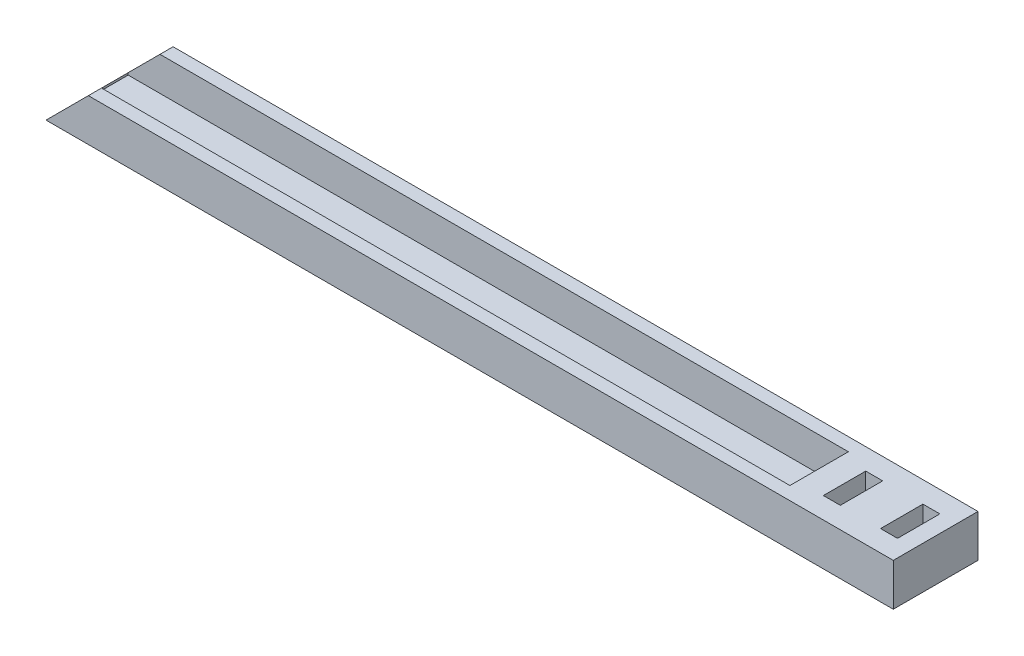
ISO-10303-21;
HEADER;
FILE_DESCRIPTION(('STEP AP214'),'2;1');
FILE_NAME('part.step','',(''),(''),'','','');
FILE_SCHEMA(('AUTOMOTIVE_DESIGN { 1 0 10303 214 1 1 1 1 }'));
ENDSEC;
DATA;
#1=APPLICATION_CONTEXT('core data for automotive mechanical design processes');
#2=APPLICATION_PROTOCOL_DEFINITION('international standard','automotive_design',2000,#1);
#3=PRODUCT_CONTEXT('',#1,'mechanical');
#4=PRODUCT('Part','Part','',(#3));
#5=PRODUCT_RELATED_PRODUCT_CATEGORY('part','',(#4));
#6=PRODUCT_DEFINITION_FORMATION('','',#4);
#7=PRODUCT_DEFINITION_CONTEXT('part definition',#1,'design');
#8=PRODUCT_DEFINITION('design','',#6,#7);
#9=PRODUCT_DEFINITION_SHAPE('','',#8);
#10=(LENGTH_UNIT() NAMED_UNIT(*) SI_UNIT(.MILLI.,.METRE.));
#11=(NAMED_UNIT(*) PLANE_ANGLE_UNIT() SI_UNIT($,.RADIAN.));
#12=(NAMED_UNIT(*) SI_UNIT($,.STERADIAN.) SOLID_ANGLE_UNIT());
#13=UNCERTAINTY_MEASURE_WITH_UNIT(LENGTH_MEASURE(1.E-05),#10,'distance_accuracy_value','');
#14=(GEOMETRIC_REPRESENTATION_CONTEXT(3) GLOBAL_UNCERTAINTY_ASSIGNED_CONTEXT((#13)) GLOBAL_UNIT_ASSIGNED_CONTEXT((#10,
#11,#12)) REPRESENTATION_CONTEXT('',''));
#15=CARTESIAN_POINT('',(0.,0.,0.));
#16=DIRECTION('',(0.,0.,1.));
#17=DIRECTION('',(1.,0.,0.));
#18=AXIS2_PLACEMENT_3D('',#15,#16,#17);
#19=CARTESIAN_POINT('',(0.,12.7,0.));
#20=DIRECTION('',(0.,0.,-1.));
#21=DIRECTION('',(-1.,0.,0.));
#22=AXIS2_PLACEMENT_3D('',#19,#20,#21);
#23=PLANE('',#22);
#24=DIRECTION('',(1.,0.,0.));
#25=VECTOR('',#24,1.);
#26=CARTESIAN_POINT('',(0.,12.7,0.));
#27=LINE('',#26,#25);
#28=CARTESIAN_POINT('',(12.7000000000001,12.7,0.));
#29=VERTEX_POINT('',#28);
#30=CARTESIAN_POINT('',(254.,12.7,0.));
#31=VERTEX_POINT('',#30);
#32=EDGE_CURVE('E266',#29,#31,#27,.T.);
#33=ORIENTED_EDGE('',*,*,#32,.F.);
#34=DIRECTION('',(-0.707106781186551,-0.707106781186544,0.));
#35=VECTOR('',#34,1.);
#36=CARTESIAN_POINT('',(0.,0.,0.));
#37=LINE('',#36,#35);
#38=CARTESIAN_POINT('',(0.,0.,0.));
#39=VERTEX_POINT('',#38);
#40=EDGE_CURVE('E221',#29,#39,#37,.T.);
#41=ORIENTED_EDGE('',*,*,#40,.T.);
#42=DIRECTION('',(1.,0.,0.));
#43=VECTOR('',#42,1.);
#44=CARTESIAN_POINT('',(0.,0.,0.));
#45=LINE('',#44,#43);
#46=CARTESIAN_POINT('',(254.,0.,0.));
#47=VERTEX_POINT('',#46);
#48=EDGE_CURVE('E276',#39,#47,#45,.T.);
#49=ORIENTED_EDGE('',*,*,#48,.T.);
#50=DIRECTION('',(0.,-1.,0.));
#51=VECTOR('',#50,1.);
#52=CARTESIAN_POINT('',(254.,12.7,0.));
#53=LINE('',#52,#51);
#54=EDGE_CURVE('E41',#31,#47,#53,.T.);
#55=ORIENTED_EDGE('',*,*,#54,.F.);
#56=EDGE_LOOP('',(#33,#41,#49,#55));
#57=FACE_BOUND('',#56,.T.);
#58=ADVANCED_FACE('F34',(#57),#23,.F.);
#59=CARTESIAN_POINT('',(254.,12.7,0.));
#60=DIRECTION('',(-1.,0.,0.));
#61=DIRECTION('',(0.,0.,1.));
#62=AXIS2_PLACEMENT_3D('',#59,#60,#61);
#63=PLANE('',#62);
#64=DIRECTION('',(0.,0.,-1.));
#65=VECTOR('',#64,1.);
#66=CARTESIAN_POINT('',(254.,0.,0.));
#67=LINE('',#66,#65);
#68=CARTESIAN_POINT('',(254.,0.,-25.4));
#69=VERTEX_POINT('',#68);
#70=EDGE_CURVE('E278',#47,#69,#67,.T.);
#71=ORIENTED_EDGE('',*,*,#70,.T.);
#72=DIRECTION('',(0.,-1.,0.));
#73=VECTOR('',#72,1.);
#74=CARTESIAN_POINT('',(254.,12.7,-25.4));
#75=LINE('',#74,#73);
#76=CARTESIAN_POINT('',(254.,12.7,-25.4));
#77=VERTEX_POINT('',#76);
#78=EDGE_CURVE('E274',#77,#69,#75,.T.);
#79=ORIENTED_EDGE('',*,*,#78,.F.);
#80=DIRECTION('',(0.,0.,-1.));
#81=VECTOR('',#80,1.);
#82=CARTESIAN_POINT('',(254.,12.7,0.));
#83=LINE('',#82,#81);
#84=EDGE_CURVE('E268',#31,#77,#83,.T.);
#85=ORIENTED_EDGE('',*,*,#84,.F.);
#86=ORIENTED_EDGE('',*,*,#54,.T.);
#87=EDGE_LOOP('',(#71,#79,#85,#86));
#88=FACE_BOUND('',#87,.T.);
#89=ADVANCED_FACE('F288',(#88),#63,.F.);
#90=CARTESIAN_POINT('',(0.,12.7,-25.4));
#91=DIRECTION('',(0.,0.,1.));
#92=DIRECTION('',(1.,0.,0.));
#93=AXIS2_PLACEMENT_3D('',#90,#91,#92);
#94=PLANE('',#93);
#95=DIRECTION('',(-1.,0.,0.));
#96=VECTOR('',#95,1.);
#97=CARTESIAN_POINT('',(0.,0.,-25.4));
#98=LINE('',#97,#96);
#99=CARTESIAN_POINT('',(0.,0.,-25.4));
#100=VERTEX_POINT('',#99);
#101=EDGE_CURVE('E269',#69,#100,#98,.T.);
#102=ORIENTED_EDGE('',*,*,#101,.T.);
#103=DIRECTION('',(-0.707106781186551,-0.707106781186544,0.));
#104=VECTOR('',#103,1.);
#105=CARTESIAN_POINT('',(0.,0.,-25.4));
#106=LINE('',#105,#104);
#107=CARTESIAN_POINT('',(12.7000000000001,12.7,-25.4));
#108=VERTEX_POINT('',#107);
#109=EDGE_CURVE('E188',#108,#100,#106,.T.);
#110=ORIENTED_EDGE('',*,*,#109,.F.);
#111=DIRECTION('',(-1.,0.,0.));
#112=VECTOR('',#111,1.);
#113=CARTESIAN_POINT('',(0.,12.7,-25.4));
#114=LINE('',#113,#112);
#115=EDGE_CURVE('E271',#77,#108,#114,.T.);
#116=ORIENTED_EDGE('',*,*,#115,.F.);
#117=ORIENTED_EDGE('',*,*,#78,.T.);
#118=EDGE_LOOP('',(#102,#110,#116,#117));
#119=FACE_BOUND('',#118,.T.);
#120=ADVANCED_FACE('F299',(#119),#94,.F.);
#121=CARTESIAN_POINT('',(0.,12.7,0.));
#122=DIRECTION('',(0.,-1.,0.));
#123=DIRECTION('',(0.,0.,-1.));
#124=AXIS2_PLACEMENT_3D('',#121,#122,#123);
#125=PLANE('',#124);
#126=DIRECTION('',(1.,0.,0.));
#127=VECTOR('',#126,1.);
#128=CARTESIAN_POINT('',(243.84,12.7,-6.34999999999999));
#129=LINE('',#128,#127);
#130=CARTESIAN_POINT('',(243.84,12.7,-6.34999999999999));
#131=VERTEX_POINT('',#130);
#132=CARTESIAN_POINT('',(248.92,12.7,-6.35));
#133=VERTEX_POINT('',#132);
#134=EDGE_CURVE('E181',#131,#133,#129,.T.);
#135=ORIENTED_EDGE('',*,*,#134,.F.);
#136=DIRECTION('',(0.,0.,1.));
#137=VECTOR('',#136,1.);
#138=CARTESIAN_POINT('',(243.84,12.7,-19.05));
#139=LINE('',#138,#137);
#140=CARTESIAN_POINT('',(243.84,12.7,-19.05));
#141=VERTEX_POINT('',#140);
#142=EDGE_CURVE('E48',#141,#131,#139,.T.);
#143=ORIENTED_EDGE('',*,*,#142,.F.);
#144=DIRECTION('',(-1.,0.,0.));
#145=VECTOR('',#144,1.);
#146=CARTESIAN_POINT('',(243.84,12.7,-19.05));
#147=LINE('',#146,#145);
#148=CARTESIAN_POINT('',(248.92,12.7,-19.05));
#149=VERTEX_POINT('',#148);
#150=EDGE_CURVE('E172',#149,#141,#147,.T.);
#151=ORIENTED_EDGE('',*,*,#150,.F.);
#152=DIRECTION('',(0.,0.,-1.));
#153=VECTOR('',#152,1.);
#154=CARTESIAN_POINT('',(248.92,12.7,-19.05));
#155=LINE('',#154,#153);
#156=EDGE_CURVE('E175',#133,#149,#155,.T.);
#157=ORIENTED_EDGE('',*,*,#156,.F.);
#158=EDGE_LOOP('',(#135,#143,#151,#157));
#159=FACE_BOUND('',#158,.T.);
#160=DIRECTION('',(1.,0.,0.));
#161=VECTOR('',#160,1.);
#162=CARTESIAN_POINT('',(226.695,12.7,-6.35));
#163=LINE('',#162,#161);
#164=CARTESIAN_POINT('',(226.695,12.7,-6.35));
#165=VERTEX_POINT('',#164);
#166=CARTESIAN_POINT('',(231.775,12.7,-6.35));
#167=VERTEX_POINT('',#166);
#168=EDGE_CURVE('E207',#165,#167,#163,.T.);
#169=ORIENTED_EDGE('',*,*,#168,.F.);
#170=DIRECTION('',(0.,0.,1.));
#171=VECTOR('',#170,1.);
#172=CARTESIAN_POINT('',(226.695,12.7,-19.05));
#173=LINE('',#172,#171);
#174=CARTESIAN_POINT('',(226.695,12.7,-19.05));
#175=VERTEX_POINT('',#174);
#176=EDGE_CURVE('E56',#175,#165,#173,.T.);
#177=ORIENTED_EDGE('',*,*,#176,.F.);
#178=DIRECTION('',(-1.,0.,0.));
#179=VECTOR('',#178,1.);
#180=CARTESIAN_POINT('',(226.695,12.7,-19.05));
#181=LINE('',#180,#179);
#182=CARTESIAN_POINT('',(231.775,12.7,-19.05));
#183=VERTEX_POINT('',#182);
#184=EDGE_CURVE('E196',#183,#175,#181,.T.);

**Exercise description**
Out of the data above, transcribe exactly and only the lines starting with the line that has "#24=DIRECTION('',(1.,0.,0.));" and going on through the line that has "#60=DIRECTION('',(-1.,0.,0.));", both included.

**Solution**
#24=DIRECTION('',(1.,0.,0.));
#25=VECTOR('',#24,1.);
#26=CARTESIAN_POINT('',(0.,12.7,0.));
#27=LINE('',#26,#25);
#28=CARTESIAN_POINT('',(12.7000000000001,12.7,0.));
#29=VERTEX_POINT('',#28);
#30=CARTESIAN_POINT('',(254.,12.7,0.));
#31=VERTEX_POINT('',#30);
#32=EDGE_CURVE('E266',#29,#31,#27,.T.);
#33=ORIENTED_EDGE('',*,*,#32,.F.);
#34=DIRECTION('',(-0.707106781186551,-0.707106781186544,0.));
#35=VECTOR('',#34,1.);
#36=CARTESIAN_POINT('',(0.,0.,0.));
#37=LINE('',#36,#35);
#38=CARTESIAN_POINT('',(0.,0.,0.));
#39=VERTEX_POINT('',#38);
#40=EDGE_CURVE('E221',#29,#39,#37,.T.);
#41=ORIENTED_EDGE('',*,*,#40,.T.);
#42=DIRECTION('',(1.,0.,0.));
#43=VECTOR('',#42,1.);
#44=CARTESIAN_POINT('',(0.,0.,0.));
#45=LINE('',#44,#43);
#46=CARTESIAN_POINT('',(254.,0.,0.));
#47=VERTEX_POINT('',#46);
#48=EDGE_CURVE('E276',#39,#47,#45,.T.);
#49=ORIENTED_EDGE('',*,*,#48,.T.);
#50=DIRECTION('',(0.,-1.,0.));
#51=VECTOR('',#50,1.);
#52=CARTESIAN_POINT('',(254.,12.7,0.));
#53=LINE('',#52,#51);
#54=EDGE_CURVE('E41',#31,#47,#53,.T.);
#55=ORIENTED_EDGE('',*,*,#54,.F.);
#56=EDGE_LOOP('',(#33,#41,#49,#55));
#57=FACE_BOUND('',#56,.T.);
#58=ADVANCED_FACE('F34',(#57),#23,.F.);
#59=CARTESIAN_POINT('',(254.,12.7,0.));
#60=DIRECTION('',(-1.,0.,0.));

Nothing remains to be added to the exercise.